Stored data

*** Begin section ***

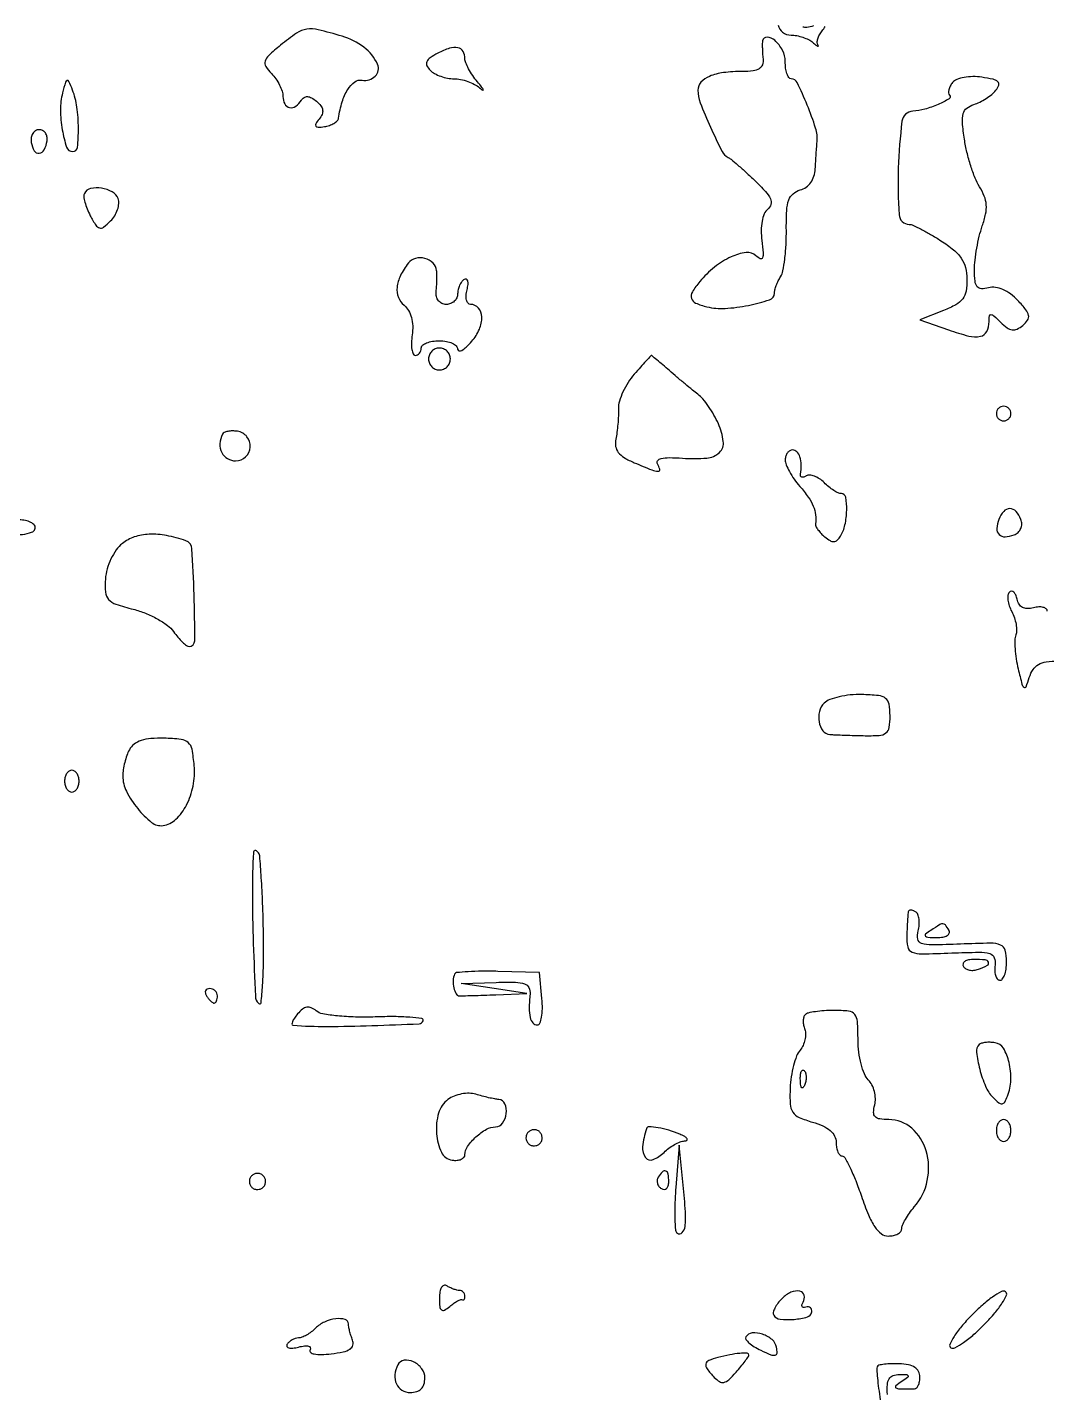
# Model space of a CAD drawing. Extents: x 0 to 5034, y 0 to 2560.
# Drawn here: x 3751.9 to 3891.9, y 970.5 to 1158.1 of the extents above; entities that cross this region are included whole.
import ezdxf

# ---------------------------------------------------------------- set-up
doc = ezdxf.new("R2010")
doc.units = 0

msp = doc.modelspace()

# ---------------------------------------------------------------- linework, layer by layer
for points in [[(3786.671548, 1155.613917, 0.01436), (3785.044053, 1154.202421, 0.129953), (3784.541075, 1153.416284, 0.224638), (3784.636455, 1152.693597, 0.053109), (3785.421548, 1151.721309, -0.043666), (3786.025619, 1151.001392, -0.036593), (3786.53633, 1150.14492, -0.038098), (3786.887385, 1149.286935, -0.078214), (3787, 1148.571429, 0.118109), (3787.244986, 1147.548777, 0.228018), (3787.898861, 1147.049457, 0.206641), (3788.753682, 1147.226076, 0.101832), (3789.530011, 1148.048558, -0.111718), (3789.908051, 1148.433705, -0.160395), (3790.367245, 1148.552971, -0.114702), (3790.925632, 1148.384897, -0.043013), (3791.601359, 1147.91588, -0.053346), (3792.207303, 1147.292831, -0.131241), (3792.456189, 1146.710504, -0.142479), (3792.371933, 1146.113219, -0.067485), (3791.956524, 1145.447614, 0.032707), (3791.497709, 1144.814801, 0.305819), (3791.507824, 1144.495112, 0.252988), (3791.824412, 1144.342177, 0.025046), (3792.694193, 1144.425622, 0.045005), (3793.395052, 1144.593927, 0.054273), (3794.00906, 1144.878551, 0.063433), (3794.452658, 1145.229417, 0.158119), (3794.634522, 1145.595329, -0.036658), (3795.135368, 1147.825651, -0.065688), (3795.908844, 1149.533005, -0.093852), (3796.855227, 1150.561778, -0.204728), (3797.877424, 1150.807657, 0.237638), (3799.687337, 1151.365152, 0.318768), (3799.998443, 1152.998615, 0.125019), (3798.123822, 1155.327663, 0.08854), (3795.115029, 1156.84739, 0.012767), (3791.849516, 1157.735572, 0.096571), (3790.261168, 1157.811053, 0.114602), (3788.878741, 1157.269655, 0.021064)], [(3852.884846, 1156.218615, 0.036742), (3852.851549, 1155.82987, 0.009363), (3852.855809, 1155.197031, 0.009492), (3852.88802, 1154.472695, 0.009488), (3852.947704, 1153.75, -0.104126), (3852.859667, 1152.923608, -0.176564), (3852.436439, 1152.381831, -0.11079), (3851.588664, 1152.084391, -0.029196), (3850.144646, 1152, 0.029917), (3847.50238, 1151.841763, 0.069344), (3845.585997, 1151.335866, 0.108905), (3844.422951, 1150.516883, 0.187223), (3844, 1149.426938, 0.093194), (3844.321835, 1147.715239, 0.012859), (3845.730139, 1144.360164, 0.009578), (3847.314476, 1141.014722, 0.171125), (3848.156152, 1140.197949, -0.065772), (3848.55068, 1139.949075, -0.005075), (3849.506803, 1139.136729, -0.00688), (3850.628007, 1138.137, -0.005195), (3851.832706, 1137.00944, -0.016951), (3853.296415, 1135.512492, -0.079723), (3853.954632, 1134.510383, -0.170301), (3854.019485, 1133.746425, -0.157635), (3853.596962, 1133.080471, 0.12151), (3853.123684, 1132.439792, 0.052208), (3852.817576, 1131.414306, 0.045214), (3852.696515, 1130.149061, 0.035163), (3852.786725, 1128.768981, -0.010532), (3852.981509, 1127.075358, -0.116041), (3852.888447, 1126.403326, -0.437723), (3852.571975, 1126.278042, -0.077638), (3851.981561, 1126.684757, 0.226016), (3850.622807, 1127.125428, 0.075173), (3848.558832, 1126.529664, 0.060921), (3846.275919, 1125.121294, 0.051351), (3844.25, 1123.12884, 0.035895), (3843.24197, 1121.714926, 0.210238), (3843.123617, 1120.831348, 0.225182), (3843.694651, 1120.185847, 0.041101), (3845.25, 1119.667998, 0.075151), (3847.726179, 1119.446467, 0.034681), (3850.941327, 1119.867227, 0.028844), (3853.842872, 1120.63021, 0.320333), (3854.515313, 1121.540995, -0.060625), (3854.578676, 1122.000372, -0.024671), (3854.770004, 1122.602836, -0.023973), (3855.041916, 1123.237504, -0.028127), (3855.360845, 1123.809083, 0.093733), (3855.68124, 1124.615301, 0.016893), (3855.935699, 1126.216853, 0.017692), (3856.106009, 1128.138344, 0.015193), (3856.151953, 1130.167457, -0.013894), (3856.206265, 1132.877194, -0.070696), (3856.488973, 1134.355279, -0.134936), (3857.074234, 1135.213712, -0.112565), (3858.056421, 1135.725005, 0.090321), (3858.860705, 1136.099657, 0.08363), (3859.506399, 1136.742208, 0.077894), (3859.939571, 1137.604571, 0.064494), (3860.125, 1138.616631, -0.001981), (3860.18202, 1139.627255, -0.001687), (3860.25, 1140.69308, -0.0017), (3860.318434, 1141.6626, -0.004812), (3860.375, 1142.338536, 0.100358), (3860.172077, 1144.228994, 0.020791), (3859.024063, 1147.388168, 0.014461), (3857.649461, 1150.474156, 0.288319), (3856.813354, 1151, -0.251975), (3856.500944, 1151.168112, -0.064041), (3856.238923, 1151.702947, -0.049699), (3856.059211, 1152.476319, -0.032263), (3856, 1153.393011, 0.121928), (3855.62546, 1154.906084, 0.087417), (3854.553174, 1156.288542, 0.173703), (3853.505823, 1156.722398, 0.382308)], [(3808.27817, 1154.510682, 0.02927), (3807.227465, 1153.877759, 0.137898), (3806.780348, 1153.342635, 0.219529), (3806.785906, 1152.799365, 0.085952), (3807.22817, 1152.17183, 0.07171), (3807.828754, 1151.722591, 0.0388), (3808.67265, 1151.344225, 0.037694), (3809.609983, 1151.086252, 0.048342), (3810.5, 1151, -0.050232), (3811.408297, 1150.908519, -0.035053), (3812.401268, 1150.632812, -0.035461), (3813.325789, 1150.229, -0.059547), (3814.023466, 1149.75, 0.028317), (3814.446238, 1149.419177, 0.731217), (3814.522521, 1149.477818, 0.079003), (3814.332295, 1149.821925, 0.007388), (3813.723466, 1150.578741, -0.023807), (3813.063807, 1151.45623, -0.025457), (3812.506268, 1152.373572, -0.026136), (3812.111669, 1153.205368, -0.097985), (3812, 1153.769724, 0.129686), (3811.735853, 1154.771007, 0.217961), (3811.043977, 1155.270946, 0.130441), (3809.891195, 1155.198337, 0.040353)], [(3756.722741, 1149.047762, 0.066535), (3756.435711, 1146.724119, 0.040657), (3756.687856, 1143.96829, 0.037778), (3757.286866, 1141.602948, 0.322326), (3758.125, 1141, 0.383457), (3758.771101, 1141.580923, 0.027349), (3758.906162, 1144.203511, 0.033219), (3758.702613, 1147.121521, 0.059309), (3758.097719, 1149.446448, 0.010013), (3757.602979, 1150.639707, 0.376389), (3757.358096, 1150.754322, 0.257285), (3757.12934, 1150.525353, 0.006376)], [(3878.989695, 1150.487584, 0.050065), (3878.659595, 1149.997414, 0.065937), (3878.469441, 1149.493676, 0.081744), (3878.440298, 1149.053674, 0.173822), (3878.584036, 1148.749297, -0.489223), (3878.522072, 1148.254484, -0.031225), (3877.021827, 1147.485209, -0.033378), (3875.166013, 1146.819018, -0.056737), (3873.540995, 1146.549157, 0.363526), (3872.040465, 1145.155299, 0.023242), (3871.535554, 1138.72951, 0.02353), (3871.632327, 1132.326727, 0.396121), (3873.044203, 1131, -0.109651), (3873.536525, 1130.890719, -0.01026), (3874.657352, 1130.339062, -0.012781), (3875.977883, 1129.611714, -0.009707), (3877.388333, 1128.75, -0.028916), (3879.134256, 1127.488588, -0.073367), (3880.187602, 1126.336945, -0.088274), (3880.75182, 1125.067668, -0.05712), (3880.957674, 1123.469238, -0.045254), (3880.832927, 1121.841364, -0.119035), (3880.375993, 1120.772212, -0.107084), (3879.447163, 1119.963134, -0.032697), (3877.75, 1119.168542), (3874.5, 1117.898608), (3878.433876, 1116.503929, 0.022222), (3881.208097, 1115.657089, 0.113363), (3882.809859, 1115.61532, 0.229293), (3883.675613, 1116.274133, 0.117921), (3884, 1117.630446, -0.035803), (3884.056169, 1118.413859, -0.389538), (3884.280922, 1118.597374, -0.172953), (3884.673042, 1118.431267, -0.010547), (3885.605946, 1117.536911, 0.03801), (3886.477208, 1116.788924, 0.124489), (3887.175123, 1116.505524, 0.147423), (3887.852468, 1116.611166, 0.061394), (3888.639257, 1117.115573, 0.069984), (3889.297165, 1117.83852, 0.200988), (3889.430523, 1118.490029, 0.121024), (3889.069073, 1119.266514, 0.019414), (3887.963981, 1120.538341, 0.043903), (3886.961571, 1121.433356, 0.058875), (3885.907398, 1122.041836, 0.067755), (3884.873855, 1122.328518, 0.098075), (3883.93067, 1122.271619, -0.067278), (3882.93958, 1122.150681, -0.22702), (3882.370121, 1122.432396, -0.143571), (3882.073752, 1123.174995, -0.023638), (3882, 1124.734145, -0.028199), (3882.076659, 1126.092311, -0.015702), (3882.314859, 1127.733081, -0.015623), (3882.661072, 1129.383177, -0.024347), (3883.071859, 1130.77629, 0.031302), (3883.529639, 1132.412249, 0.070336), (3883.619367, 1133.695266, 0.077392), (3883.349184, 1134.875233, 0.044863), (3882.689934, 1136.175513, -0.044222), (3882.088077, 1137.358841, -0.018433), (3881.481349, 1139.045732, -0.018067), (3880.960651, 1140.910653, -0.022301), (3880.617084, 1142.682298, -0.015412), (3880.348087, 1144.988177, -0.087412), (3880.457642, 1146.214904, -0.160491), (3880.947182, 1146.959307, -0.091121), (3881.908703, 1147.471024, 0.03926), (3882.721879, 1147.801309, 0.027066), (3883.5858, 1148.294137, 0.027379), (3884.369897, 1148.862568, 0.049053), (3884.934876, 1149.421531, 0.088269), (3885.324662, 1150.107636, 0.299228), (3885.207658, 1150.583827, 0.1334), (3884.550737, 1150.928446, 0.018044), (3883.006201, 1151.212398, 0.038811), (3881.769564, 1151.2968, 0.0423), (3880.570635, 1151.183784, 0.04649), (3879.575376, 1150.906783, 0.129138)], [(3752.433813, 1142.25, 0.094546), (3752.827475, 1141.116478, 0.295806), (3753.512797, 1140.765943, 0.254534), (3754.206419, 1141.241388, 0.081603), (3754.598844, 1142.472506, 0.085797), (3754.584, 1143.055718, 0.107155), (3754.368536, 1143.551299, 0.117738), (3753.986765, 1143.881296, 0.120171), (3753.5, 1144, 0.138904), (3753.016243, 1143.862964, 0.118429), (3752.641057, 1143.485938, 0.099754), (3752.435072, 1142.918721, 0.073939)], [(3759.720165, 1135.25, 0.155887), (3759.641753, 1134.815284, 0.032192), (3759.794548, 1134.042447, 0.030969), (3760.098129, 1133.130851, 0.024875), (3760.532092, 1132.192373, 0.019499), (3761.292298, 1130.870353, 0.191694), (3761.801257, 1130.498365, 0.234012), (3762.367119, 1130.617432, 0.029573), (3763.328454, 1131.471312, 0.058928), (3763.893169, 1132.187517, 0.056903), (3764.283145, 1133.023948, 0.061691), (3764.449879, 1133.849161, 0.11109), (3764.350522, 1134.528939, 0.175834), (3763.552057, 1135.449449, 0.088652), (3762.079295, 1135.95609, 0.093272), (3760.586543, 1135.909021, 0.219824)], [(3804.228348, 1125.690559, 0.049432), (3803.142548, 1123.950963, 0.090014), (3802.681653, 1122.346173, 0.116663), (3802.864624, 1120.969656, 0.129123), (3803.644597, 1119.879995, -0.08959), (3804.244925, 1119.166348, -0.063523), (3804.647301, 1118.197918, -0.056935), (3804.824494, 1117.050115, -0.04632), (3804.758349, 1115.806882, 0.027367), (3804.660164, 1114.731004, 0.045787), (3804.710274, 1113.824522, 0.060914), (3804.883704, 1113.193978, 0.30406), (3805.173193, 1113, 0.12019), (3805.488543, 1113.076915, 0.100702), (3805.757125, 1113.29375, 0.09189), (3805.93751, 1113.618053, 0.081264), (3806, 1114, -0.226478), (3806.182831, 1114.382936, -0.074992), (3806.734375, 1114.70625, -0.057076), (3807.542644, 1114.926884, -0.038131), (3808.5, 1115, -0.044169), (3809.457004, 1114.915295, -0.06398), (3810.265625, 1114.661303, -0.083789), (3810.812572, 1114.287662, -0.203826), (3811, 1113.84699, 0.360403), (3811.182879, 1113.62623, 0.175791), (3811.569151, 1113.688914, 0.062934), (3812.19202, 1114.147465, 0.024014), (3812.937537, 1114.927979, 0.075989), (3813.987805, 1116.592944, 0.111164), (3814.313283, 1118.288465, 0.169343), (3813.845447, 1119.504501, 0.220478), (3812.77638, 1120, -0.221404), (3812.434086, 1120.159383, -0.115736), (3812.21706, 1120.587905, -0.077814), (3812.163224, 1121.234778, -0.045906), (3812.29011, 1122.00138, 0.033809), (3812.429487, 1122.733252, 0.095442), (3812.393387, 1123.250238, 0.238295), (3812.19888, 1123.46851, 0.236417), (3811.906741, 1123.442363, 0.095554), (3811.559445, 1123.122626, 0.052741), (3811.266355, 1122.623294, 0.049897), (3811.06726, 1122.033747, 0.056553), (3811, 1121.440983, -0.107647), (3810.88025, 1120.891212, -0.099581), (3810.54091, 1120.423289, -0.095704), (3810.033786, 1120.109556, -0.091049), (3809.437142, 1120, -0.109322), (3808.84107, 1120.131904, -0.116979), (3808.373128, 1120.50146, -0.108793), (3808.098376, 1121.066335, -0.084536), (3808.052296, 1121.75, 0.011134), (3808.112044, 1122.503724, 0.008778), (3808.144191, 1123.321697, 0.008892), (3808.14719, 1124.082822, 0.021645), (3808.115154, 1124.643011, 0.175285), (3807.61786, 1125.679219, 0.128968), (3806.503213, 1126.317095, 0.1273), (3805.207422, 1126.330081, 0.169289)], [(3807, 1112.5, 0.099038), (3807.114514, 1111.927543, 0.097945), (3807.440625, 1111.440625, 0.097945), (3807.927543, 1111.114514, 0.099038), (3808.5, 1111, 0.099038), (3809.072457, 1111.114514, 0.097945), (3809.559375, 1111.440625, 0.097945), (3809.885486, 1111.927543, 0.099038), (3810, 1112.5, 0.099038), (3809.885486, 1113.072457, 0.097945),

*** End section ***

**Instructions to follow**
All lines above from the line with "import ezdxf" through the line with "layer by layer", both included, are to be set down exactly, with nothing else.

**Answer to the exercise**
import ezdxf

# ---------------------------------------------------------------- set-up
doc = ezdxf.new("R2010")
doc.units = 0

msp = doc.modelspace()

# ---------------------------------------------------------------- linework, layer by layer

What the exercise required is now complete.